═════ Material for this task ═════
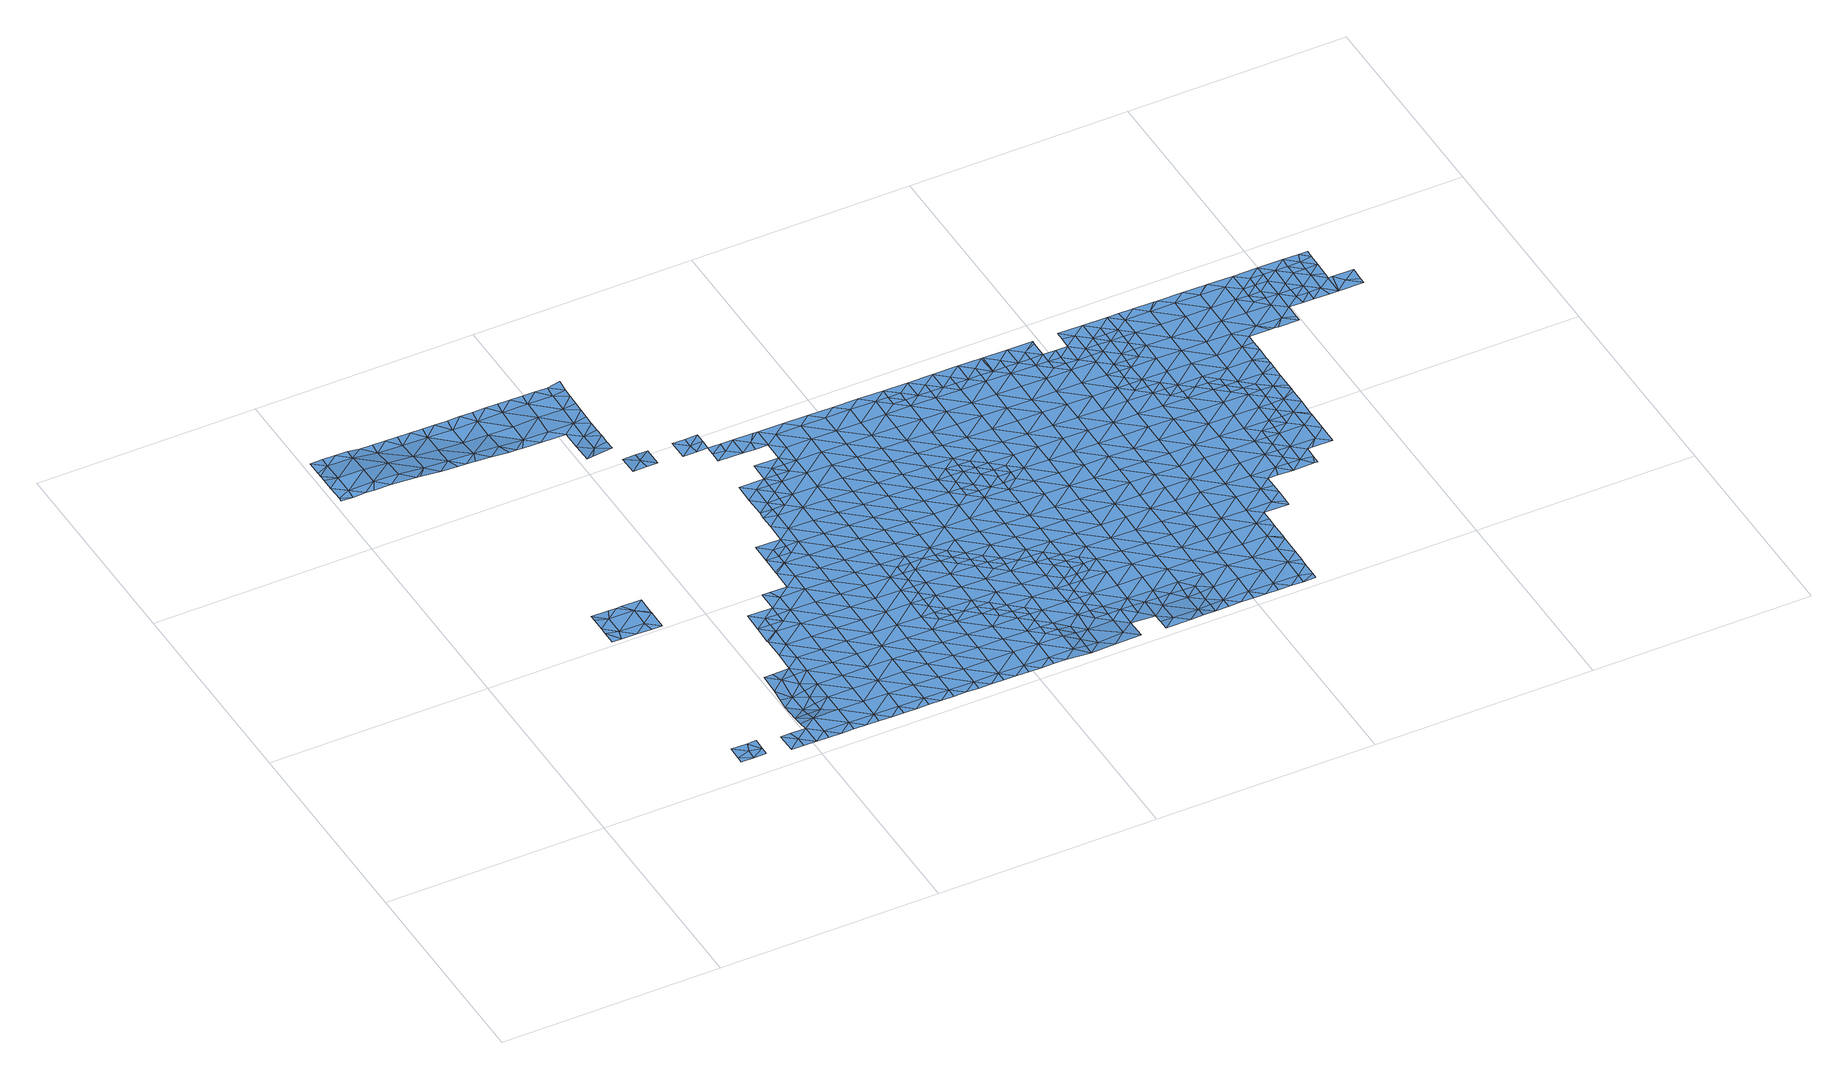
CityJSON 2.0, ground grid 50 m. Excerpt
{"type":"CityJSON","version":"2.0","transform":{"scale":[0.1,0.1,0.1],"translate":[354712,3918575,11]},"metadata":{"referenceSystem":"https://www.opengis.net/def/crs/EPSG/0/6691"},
"CityObjects":{
"waterbody1":{"type":"WaterBody","attributes":{"name":"7","class":"1140","function":"1","WaterBodyRiverFloodingRiskAttribute.description":"4","WaterBodyRiverFloodingRiskAttribute.rankOrg":"1","WaterBodyRiverFloodingRiskAttribute.adminType":"2","WaterBodyRiverFloodingRiskAttribute.scale":"L2"},"geometry":[{"type":"MultiSurface","lod":"1","boundaries":[[[0,1,2]],[[3,4,5]],[[6,7,0]],[[3,7,6]],[[5,8,1]],[[1,0,7]],[[7,3,5]],[[5,1,7]]]}]},
"waterbody2":{"type":"WaterBody","attributes":{"name":"7","class":"1140","function":"1","WaterBodyRiverFloodingRiskAttribute.description":"4","WaterBodyRiverFloodingRiskAttribute.rankOrg":"2","WaterBodyRiverFloodingRiskAttribute.adminType":"2","WaterBodyRiverFloodingRiskAttribute.scale":"L2"},"geometry":[{"type":"MultiSurface","lod":"1","boundaries":[[[9,10,11]],[[11,10,12]],[[10,13,12]],[[9,14,10]],[[13,10,15]],[[10,14,15]],[[14,16,15]],[[14,17,16]],[[15,18,19]],[[19,18,20]],[[15,16,18]],[[17,21,16]],[[22,20,18]],[[18,16,23]],[[16,21,23]],[[22,18,24]],[[25,24,18]],[[23,25,18]],[[21,26,23]],[[26,27,23]],[[25,28,24]],[[29,28,30]],[[29,24,28]],[[31,25,23]],[[32,33,34]],[[32,30,33]],[[30,28,33]],[[35,28,25]],[[23,27,31]],[[36,37,34]],[[33,36,34]],[[36,38,37]],[[31,35,25]],[[31,27,39]],[[40,33,28]],[[36,41,38]],[[38,41,42]],[[35,40,28]],[[39,43,31]],[[44,45,42]],[[33,46,36]],[[44,42,41]],[[43,47,31]],[[48,49,45]],[[50,35,31]],[[46,33,40]],[[36,51,41]],[[48,45,44]],[[52,49,48]],[[51,36,46]],[[41,53,44]],[[35,54,40]],[[51,53,41]],[[55,52,48]],[[43,56,47]],[[50,31,47]],[[48,57,55]],[[56,58,47]],[[54,35,50]],[[46,40,54]],[[59,60,44]],[[46,61,51]],[[59,44,53]],[[54,61,46]],[[60,57,48]],[[48,44,60]],[[62,50,47]],[[51,63,53]],[[61,63,51]],[[47,58,62]],[[50,64,54]],[[65,62,58]],[[57,66,67]],[[53,68,59]],[[60,66,57]],[[62,64,50]],[[63,68,53]],[[67,66,69]],[[59,70,60]],[[65,71,62]],[[72,69,73]],[[69,66,73]],[[74,54,64]],[[72,73,75]],[[61,54,76]],[[61,77,63]],[[59,68,70]],[[76,54,74]],[[76,77,61]],[[77,68,63]],[[66,60,78]],[[62,79,64]],[[73,80,75]],[[60,70,78]],[[62,71,79]],[[81,70,68]],[[64,82,74]],[[83,79,71]],[[77,81,68]],[[66,78,84]],[[73,66,85]],[[86,78,70]],[[64,79,82]],[[66,84,85]],[[82,87,74]],[[80,73,85]],[[81,86,70]],[[83,88,79]],[[76,74,87]],[[89,84,78]],[[76,90,77]],[[80,91,92]],[[91,80,85]],[[93,82,79]],[[88,93,79]],[[94,85,84]],[[92,95,96]],[[97,81,77]],[[76,87,90]],[[91,95,92]],[[90,98,77]],[[78,86,89]],[[89,94,84]],[[96,95,99]],[[100,86,81]],[[101,99,95]],[[88,102,93]],[[87,82,103]],[[97,77,98]],[[103,82,93]],[[91,85,104]],[[86,100,89]],[[91,105,95]],[[85,94,104]],[[102,106,93]],[[90,87,107]],[[107,87,103]],[[90,108,98]],[[81,97,100]],[[89,109,94]],[[101,95,110]],[[111,110,95]],[[91,104,105]],[[105,111,95]],[[106,112,93]],[[98,113,97]],[[94,114,104]],[[90,107,108]],[[89,100,109]],[[103,93,112]],[[103,115,107]],[[116,112,106]],[[110,117,118]],[[98,108,113]],[[111,117,110]],[[113,119,97]],[[97,120,100]],[[94,109,114]],[[117,121,118]],[[119,120,97]],[[115,103,112]],[[105,104,122]],[[105,123,111]],[[100,124,109]],[[104,114,122]],[[121,125,126]],[[122,123,105]],[[116,127,112]],[[108,107,128]],[[128,107,115]],[[121,117,125]],[[108,129,113]],[[130,131,126]],[[111,132,117]],[[109,133,114]],[[134,119,113]],[[127,135,112]],[[131,136,137]],[[124,100,120]],[[124,133,109]],[[126,125,130]],[[138,134,113]],[[114,133,122]],[[108,128,129]],[[132,111,123]],[[134,139,119]],[[136,131,130]],[[140,128,115]],[[139,141,119]],[[142,135,127]],[[125,117,143]],[[120,119,141]],[[115,112,140]],[[113,129,138]],[[141,144,120]],[[117,132,143]],[[144,145,120]],[[120,145,124]],[[130,146,136]],[[112,135,140]],[[123,122,147]],[[148,134,138]],[[122,133,147]],[[125,143,149]],[[130,125,150]],[[142,151,135]],[[129,128,152]],[[153,154,124]],[[124,154,133]],[[153,124,145]],[[152,128,140]],[[132,123,155]],[[129,156,138]],[[130,150,146]],[[125,149,150]],[[138,157,148]],[[123,147,155]],[[154,158,133]],[[151,159,135]],[[158,160,133]],[[133,160,147]],[[143,132,161]],[[129,152,156]],[[143,162,149]],[[132,155,161]],[[163,164,165]],[[161,162,143]],[[165,146,163]],[[138,166,157]],[[167,159,151]],[[146,150,163]],[[160,168,147]],[[140,135,169]],[[170,171,164]],[[138,156,166]],[[152,140,169]],[[135,159,169]],[[155,147,168]],[[164,163,170]],[[172,171,170]],[[150,149,173]],[[155,174,161]],[[175,157,166]],[[176,168,160]],[[170,177,172]],[[178,166,156]],[[149,162,173]],[[167,179,159]],[[150,180,163]],[[156,152,181]],[[181,152,169]],[[182,178,156]],[[183,175,166]],[[161,184,162]],[[185,150,173]],[[155,168,174]],[[179,186,159]],[[183,166,178]],[[170,187,177]],[[159,186,169]],[[176,188,168]],[[182,156,181]],[[189,175,183]],[[162,190,173]],[[150,185,180]],[[161,174,184]],[[169,191,181]],[[192,187,170]],[[193,194,195]],[[170,163,192]],[[196,195,194]],[[197,185,173]],[[192,163,180]],[[198,178,182]],[[190,162,184]],[[199,186,179]],[[200,201,181]],[[181,201,182]],[[169,202,191]],[[181,191,200]],[[174,168,203]],[[168,188,203]],[[204,198,182]],[[169,186,202]],[[205,206,187]],[[174,207,184]],[[185,208,180]],[[192,205,187]],[[196,194,209]],[[173,190,197]],[[205,210,206]],[[194,193,211]],[[182,201,204]],[[204,212,198]],[[188,213,203]],[[211,214,194]],[[215,191,202]],[[199,216,186]],[[184,217,190]],[[208,185,197]],[[174,203,207]],[[207,217,184]],[[216,218,186]],[[186,218,202]],[[210,219,211]],[[209,194,214]],[[213,220,203]],[[221,215,202]],[[210,205,219]],[[218,221,202]],[[190,222,197]],[[223,180,208]],[[217,222,190]],[[192,180,224]],[[192,225,205]],[[214,211,226]],[[211,219,226]],[[224,180,223]],[[227,228,229]],[[230,220,227]],[[215,221,231]],[[222,232,197]],[[205,233,219]],[[227,229,230]],[[203,220,234]],[[208,197,232]],[[235,223,208]],[[225,233,205]],[[207,236,217]],[[192,224,225]],[[207,203,236]],[[219,233,226]],[[220,230,234]],[[229,237,230]],[[214,226,238]],[[236,203,234]],[[217,239,222]],[[236,239,217]],[[208,232,235]],[[240,241,242]],[[243,234,230]],[[224,223,244]],[[226,245,238]],[[222,246,232]],[[242,247,237]],[[244,223,235]],[[243,230,237]],[[224,248,225]],[[245,226,233]],[[242,241,247]],[[234,249,236]],[[225,250,233]],[[243,237,247]],[[222,239,246]],[[224,244,248]],[[241,251,247]],[[245,252,238]],[[235,232,253]],[[253,232,246]],[[234,243,249]],[[249,254,236]],[[236,255,239]],[[233,256,245]],[[253,257,235]],[[225,248,250]],[[258,243,247]],[[254,255,236]],[[259,260,261]],[[262,263,259]],[[244,235,257]],[[239,255,246]],[[258,247,251]],[[233,250,256]],[[259,261,262]],[[264,249,243]],[[248,244,265]],[[266,258,251]],[[245,267,252]],[[246,268,253]],[[269,263,270]],[[265,244,257]],[[258,264,243]],[[248,271,250]],[[255,268,246]],[[263,262,270]],[[272,269,270]],[[261,273,262]],[[245,256,267]],[[270,274,272]],[[275,257,253]],[[276,256,250]],[[277,272,274]],[[271,248,265]],[[278,270,262]],[[271,276,250]],[[273,278,262]],[[266,279,258]],[[280,277,281]],[[254,249,282]],[[281,277,274]],[[275,253,268]],[[257,283,265]],[[249,264,282]],[[275,283,257]],[[284,268,255]],[[285,286,287]],[[276,288,256]],[[256,289,267]],[[252,267,290]],[[270,291,274]],[[288,289,256]],[[292,284,255]],[[274,293,281]],[[254,282,294]],[[255,254,292]],[[278,273,295]],[[283,296,265]],[[284,297,268]],[[298,275,268]],[[279,286,299]],[[264,258,300]],[[297,298,268]],[[286,285,299]],[[258,279,300]],[[271,265,296]],[[264,301,282]],[[270,278,302]],[[254,294,292]],[[271,303,276]],[[290,267,289]],[[295,304,278]],[[305,283,275]],[[279,299,300]],[[274,291,293]],[[285,306,299]],[[307,305,275]],[[270,302,291]],[[307,275,298]],[[301,264,300]],[[308,284,292]],[[271,296,303]],[[276,309,288]],[[310,300,299]],[[294,282,311]],[[312,278,304]],[[278,313,302]],[[294,314,292]],[[315,290,289]],[[310,299,306]],[[316,293,317]],[[282,301,311]],[[311,314,294]],[[318,289,288]],[[319,283,305]],[[293,291,317]],[[306,316,317]],[[276,303,320]],[[321,312,304]],[[296,283,319]],[[300,322,301]],[[308,292,323]],[[309,276,320]],[[302,324,291]],[[325,323,292]],[[296,326,303]],[[310,306,317]],[[313,324,302]],[[278,312,313]],[[319,305,327]],[[301,328,311]],[[325,292,314]],[[289,318,315]],[[300,310,322]],[[326,296,319]],[[288,309,318]],[[321,329,312]],[[303,330,320]],[[317,291,324]],[[327,331,319]],[[328,301,322]],[[324,332,317]],[[333,303,326]],[[320,330,309]],[[334,323,325]],[[310,317,332]],[[318,335,315]],[[336,337,338]],[[310,339,322]],[[309,340,318]],[[330,303,333]],[[314,341,325]],[[319,342,326]],[[311,328,343]],[[344,331,337]],[[314,311,341]],[[342,319,331]],[[325,345,334]],[[346,324,313]],[[330,347,309]],[[312,329,348]],[[340,349,318]],[[341,311,343]],[[349,335,318]],[[337,336,344]],[[313,312,346]],[[309,347,340]],[[310,332,339]],[[329,350,348]],[[346,312,348]],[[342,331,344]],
═════
Required work – Show the lines above that have the word "CityJSON".

Response box –
CityJSON 2.0, ground grid 50 m. Excerpt
{"type":"CityJSON","version":"2.0","transform":{"scale":[0.1,0.1,0.1],"translate":[354712,3918575,11]},"metadata":{"referenceSystem":"https://www.opengis.net/def/crs/EPSG/0/6691"},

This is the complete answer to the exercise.